Customer needs a 100 amp


----------



## Awg-Dawg

mbidingerres said:


> Customer needs a 100 amp


 
http://www.electrician2.com/calculators/rf_calculator.html

Looks like your conductors work if you use #3 cu


----------



## RIVETER

mbidingerres said:


> I am replacing a 40amp subpanel in a garage with a 100 amp subpanel.
> the garage has an exsisting 1 in. conduit from the house. do i need a ground wire ran through that condiut if i am putting a new ground rod for the subpanel in the garage?


The ground rod would be for lightning...you still need the equipment ground from the main panel to the second building.


----------



## fanelle

You could use a wire with a higher insulation tempature rating like a Z or a TFE. Then your conductor size would shrink you could use the same size pipe and be code compliant. However it is probally going to cost about a dollar more per foot or so.


----------



## mbednarik

most pvc is rated 90c. Also the terminations are still 75 or 60 c rated. Does it need a full size neutral? What is the calulated load?


----------



## Magnettica

First of all, you need to look in chapter 9 of the NEC for the correct size area of conduit. 

Then you need to determine the size of the conductors you'll be using, and compare them to the size conduit you have. 

Third, you're going to need a lot of lube to pull (2) #3 coppers, (1) #6 copper, and (1) #8 copper equipment grounding conductor. 

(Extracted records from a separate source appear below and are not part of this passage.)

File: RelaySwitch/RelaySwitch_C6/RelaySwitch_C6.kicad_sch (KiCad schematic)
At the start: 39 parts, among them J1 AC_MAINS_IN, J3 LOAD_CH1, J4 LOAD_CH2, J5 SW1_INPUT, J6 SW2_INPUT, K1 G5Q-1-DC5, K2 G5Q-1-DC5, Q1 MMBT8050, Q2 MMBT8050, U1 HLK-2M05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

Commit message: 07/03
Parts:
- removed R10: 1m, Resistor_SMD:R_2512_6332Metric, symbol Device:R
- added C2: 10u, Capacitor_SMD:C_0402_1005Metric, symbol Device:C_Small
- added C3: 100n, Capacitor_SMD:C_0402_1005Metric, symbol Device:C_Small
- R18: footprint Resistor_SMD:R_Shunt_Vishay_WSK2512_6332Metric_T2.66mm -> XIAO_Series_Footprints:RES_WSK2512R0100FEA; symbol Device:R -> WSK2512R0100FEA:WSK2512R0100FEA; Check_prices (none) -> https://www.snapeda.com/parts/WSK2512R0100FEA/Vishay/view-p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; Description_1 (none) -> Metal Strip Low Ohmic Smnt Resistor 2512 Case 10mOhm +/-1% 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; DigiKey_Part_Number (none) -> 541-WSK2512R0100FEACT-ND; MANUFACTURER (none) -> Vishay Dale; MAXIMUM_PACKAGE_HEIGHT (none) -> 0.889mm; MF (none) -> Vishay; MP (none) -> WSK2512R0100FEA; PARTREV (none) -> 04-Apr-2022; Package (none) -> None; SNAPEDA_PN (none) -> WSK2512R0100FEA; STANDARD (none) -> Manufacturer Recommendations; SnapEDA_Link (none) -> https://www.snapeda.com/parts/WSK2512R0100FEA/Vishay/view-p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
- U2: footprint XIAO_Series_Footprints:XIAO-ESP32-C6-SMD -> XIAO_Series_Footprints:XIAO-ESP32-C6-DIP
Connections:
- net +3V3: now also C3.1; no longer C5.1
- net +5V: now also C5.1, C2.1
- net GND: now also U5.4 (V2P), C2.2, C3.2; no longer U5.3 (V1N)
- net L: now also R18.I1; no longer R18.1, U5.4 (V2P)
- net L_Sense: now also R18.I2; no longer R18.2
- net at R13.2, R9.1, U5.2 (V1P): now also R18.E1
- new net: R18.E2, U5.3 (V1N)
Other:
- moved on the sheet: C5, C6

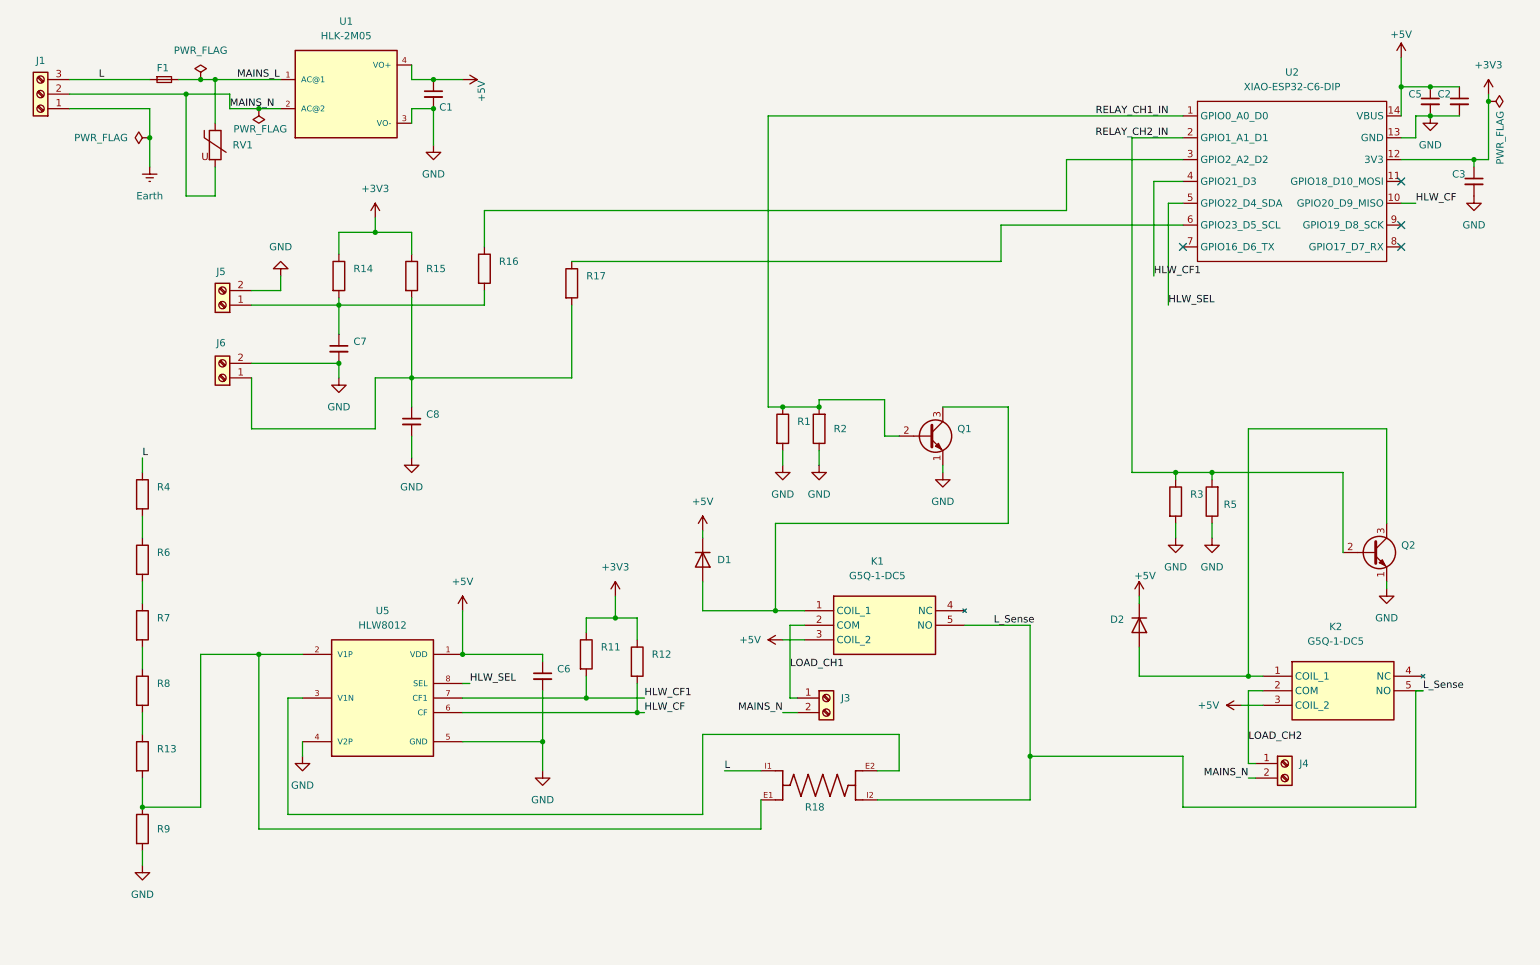
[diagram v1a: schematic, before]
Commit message: Reduced relay size
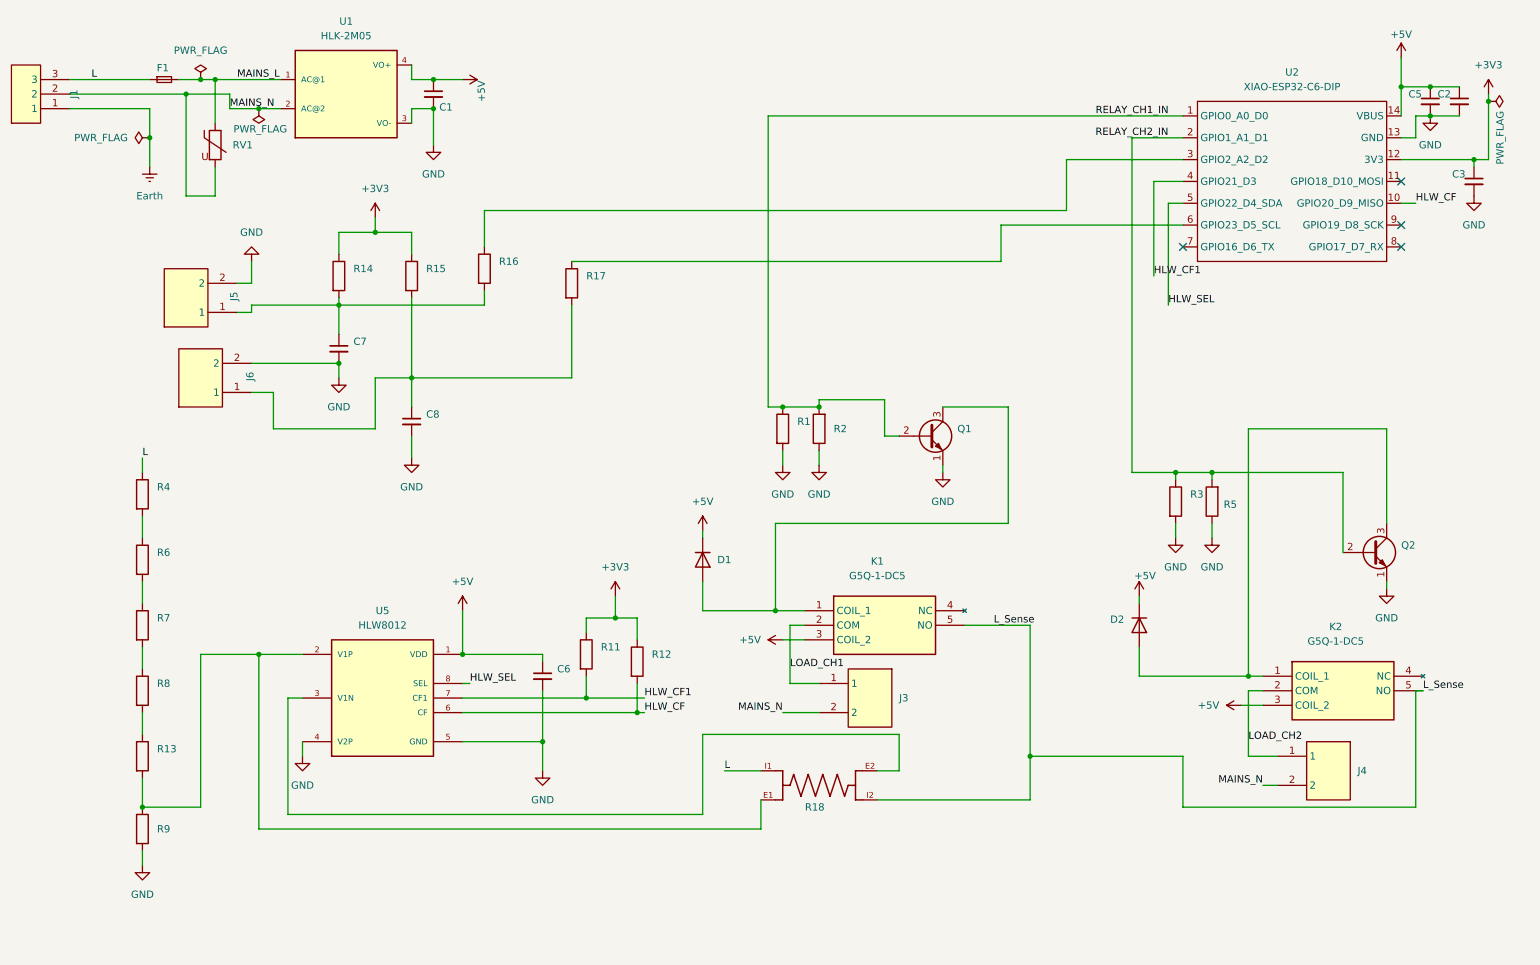
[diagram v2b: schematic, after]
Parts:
- J1: footprint TerminalBlock_Degson:TerminalBlock_Degson_DG250-3.5-03P_1x03_P3.50mm_45Degree -> seeed esp32:CONN-TH_3P-P5.00_WJ128V-5.0-3P; symbol Connector:Screw_Terminal_01x03 -> WJ128V3P:WJ128V-5.0-3P; Check_prices (none) -> https://www.snapeda.com/parts/TB0011-350-03BE/Same+Sky/view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; Description_1 (none) -> 3 Position Wire to Board Terminal Block Horizontal with Boa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; DigiKey_Part_Number (none) -> 2223-TB0011-350-03BE-ND; LCSC Part (none) -> C8270; MANUFACTURER (none) -> SAMESKY; MF (none) -> Same Sky; MP (none) -> TB0011-350-03BE; Package (none) -> None; SnapEDA_Link (none) -> https://www.snapeda.com/parts/TB0011-350-03BE/Same+Sky/view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
- J3, J4, J5, J6: footprint TerminalBlock_Degson:TerminalBlock_Degson_DG250-3.5-02P_1x02_P3.50mm_45Degree -> seeed esp32:CONN-TH_2P-P5.00_WJ128V-5.0-2P; symbol Connector:Screw_Terminal_01x02 -> WJ128V:WJ128V-5.0-2P; CREATOR (none) -> ASHISH; Check_prices (none) -> https://www.snapeda.com/parts/TB0011-350-02BE/Same+Sky/view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; Description_1 (none) -> 2 Position Wire to Board Terminal Block Horizontal with Boa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; DigiKey_Part_Number (none) -> 2223-TB0011-350-02BE-ND; LCSC Part (none) -> C8269; MANUFACTURER (none) -> Same Sky; MAXIMUM_PACKAGE_HEIGHT (none) -> 8.5mm; MF (none) -> Same Sky; MP (none) -> TB0011-350-02BE; PARTREV (none) -> 1.0; Package (none) -> None; STANDARD (none) -> Manufacturer Recommendations; SnapEDA_Link (none) -> https://www.snapeda.com/parts/TB0011-350-02BE/Same+Sky/view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
- U5: footprint HLW8012:SOIC8 -> seeed esp32:SOIC8

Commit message: For review
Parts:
- C2: footprint Capacitor_SMD:C_0402_1005Metric -> Capacitor_SMD:C_0805_2012Metric
- F1: value ~ -> T250mA/250V
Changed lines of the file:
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@@
 			)
 		)
-		(property "Footprint" "Capacitor_SMD:C_0402_1005Metric"
+		(property "Footprint" "Capacitor_SMD:C_0805_2012Metric"
 			(at 273.05 40.64 0)
 			(effects
@@
 			)
 		)
-		(property "Value" "~"
+		(property "Value" "T250mA/250V"
 			(at 46.99 34.29 0)
 			(effects

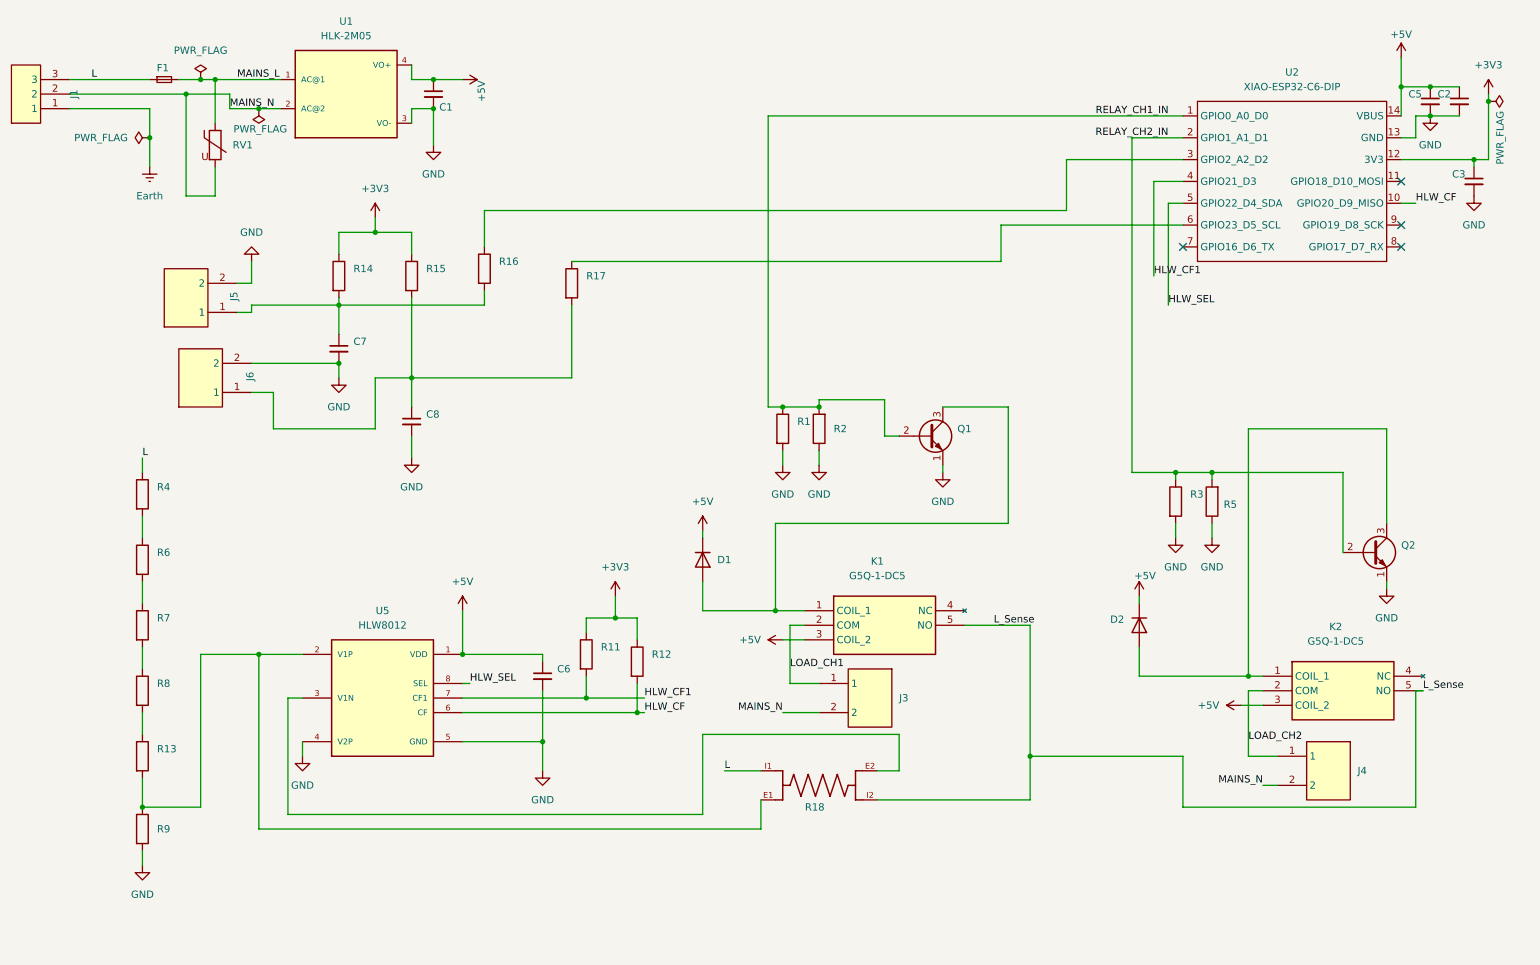
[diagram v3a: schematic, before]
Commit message: warning fix - 0  in schematic
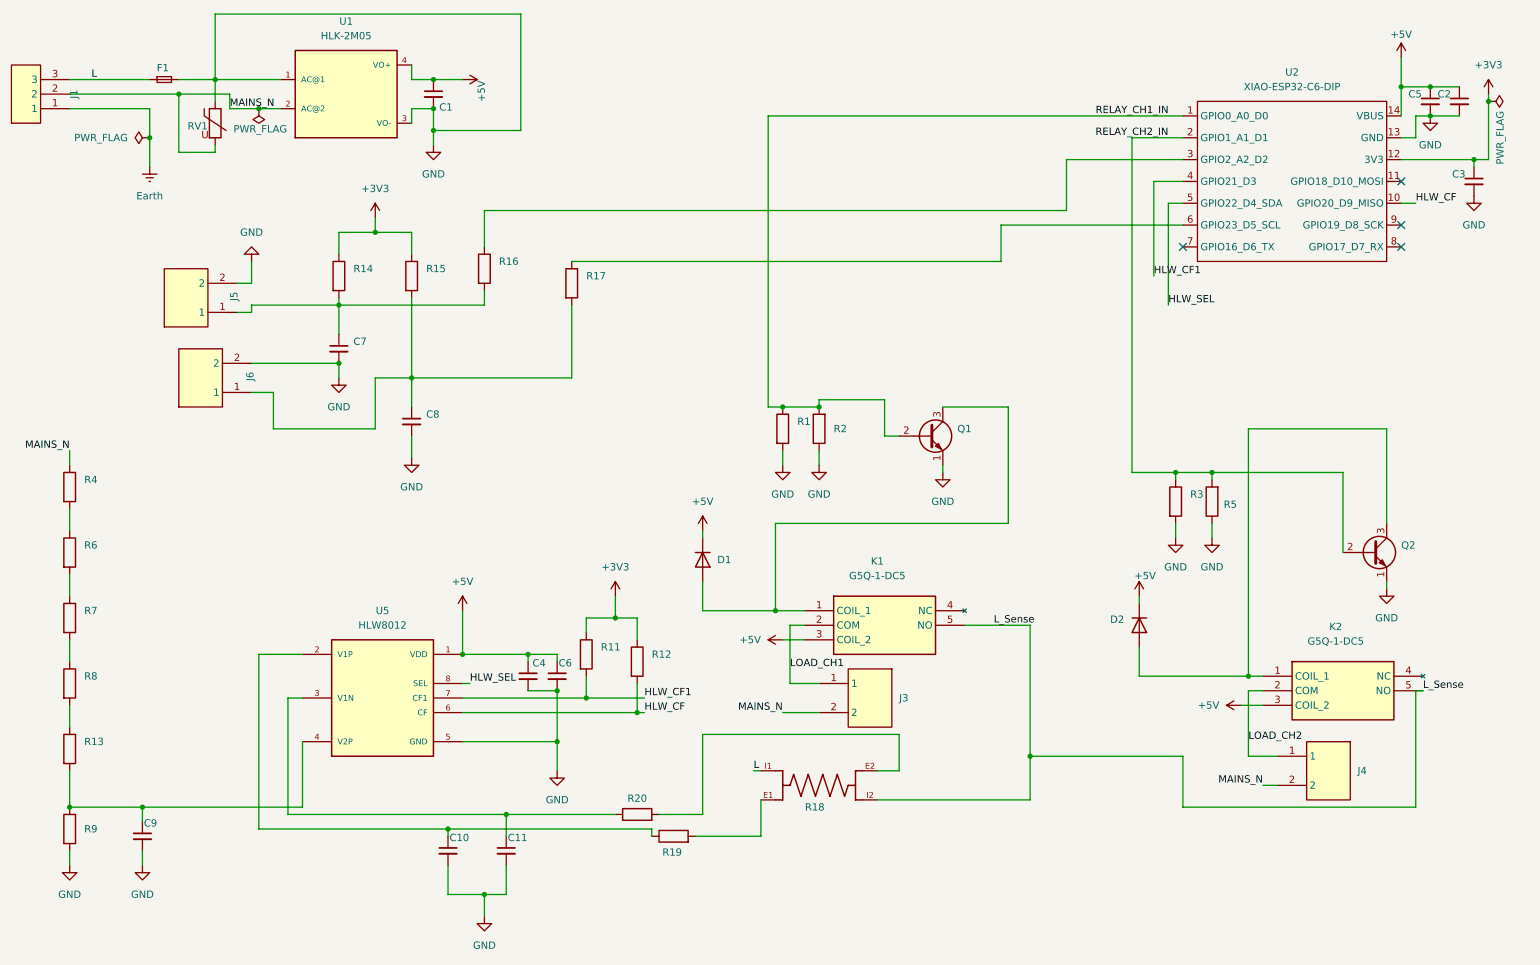
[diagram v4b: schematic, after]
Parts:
- added C10, C11, C9: 33n, Capacitor_SMD:C_0402_1005Metric, symbol Device:C_Small
- added C4: 0.1u, Capacitor_SMD:C_0402_1005Metric, symbol Device:C_Small
- added R19, R20: 1k, Resistor_SMD:R_0402_1005Metric, symbol Device:R
- C6: value 100n -> 10u
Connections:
- net MAINS_L is gone; now on net GND: F1.2, RV1.1, U1.1 (AC@1)
- net +5V: now also C4.1
- net GND: now also C10.2, C11.2, C4.2, C9.2; no longer U5.4 (V2P)
- net L: no longer R4.1
- net MAINS_N: now also R4.1
- net at R13.2, R9.1: now also U5.4 (V2P), C9.1; no longer R18.E1, U5.2 (V1P)
- net at U5.3 (V1N): now also C11.1, R20.1; no longer R18.E2
- new net: C10.1, R19.1, U5.2 (V1P)
- new net: R18.E2, R20.2
- new net: R18.E1, R19.2
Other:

Fourth, don't forget about your ground rod (required) and the (6) disconnect rule.


----------



## mbidingerres

Well It is only 25 ft and one 90 and it is fed from a 100amp breaker from the main panel so if i an right i shouldn't need a main in this panel


----------



## Magnettica

mbidingerres said:


> Well It is only 25 ft and one 90 and it is fed from a 100amp breaker from the main panel so if i an right i shouldn't need a main in this panel


The issue is if you have more than (6) circuit breakers a "main" circuit breaker must be installed. 

NEC 225.33 Maximum Number of Disconnects. :thumbsup:


----------



## ElectricJoeNJ

Magnettica said:


> The issue is if you have more than (6) circuit breakers a "main" circuit breaker must be installed.
> 
> NEC 225.33 Maximum Number of Disconnects. :thumbsup:


Not if it's a sub panel like the OP was talking about changing. That only applies to the main service


----------



## wendon

ElectricJoeNJ said:


> Not if it's a sub panel like the OP was talking about changing. That only applies to the main service


If the sub-panel is in a different structure with over 6 disconnects, you'll need a main disconnect.


----------



## Shockdoc

You might be able to pull two #2s, one #4 and a #8 ground tightly in 1"


----------



## Toto

Yes to your original question. All grounds go back to the main panel. If I'm not mistaken all grounds must be connected to each other in typical residential system.


----------



## electricmanscott

YOu can fit 3# 3cu and 1 #8cu in 1" pvc. :thumbsup:


----------



## electricmanscott

Toto said:


> Yes to your original question. All grounds go back to the main panel. If I'm not mistaken all grounds must be connected to each other in typical residential system.


Not sure if you mean at the separate structure but grounding and grounded are not bonded to together at that point.


----------



## sparkie2010

Ok if your installing a sub-panel that is being fed from the main, then yes you would need a grounding conductor.

Do a full load calculation to make sure your service can handle the additional load.


----------



## Magnettica

Shockdoc said:


> You might be able to pull two #2s, one #4 and a #8 ground tightly in 1"


why are u gonna run #2 cu if you're looking for 100 amps? 

75º column, THHN/THWN, 100 amps.


----------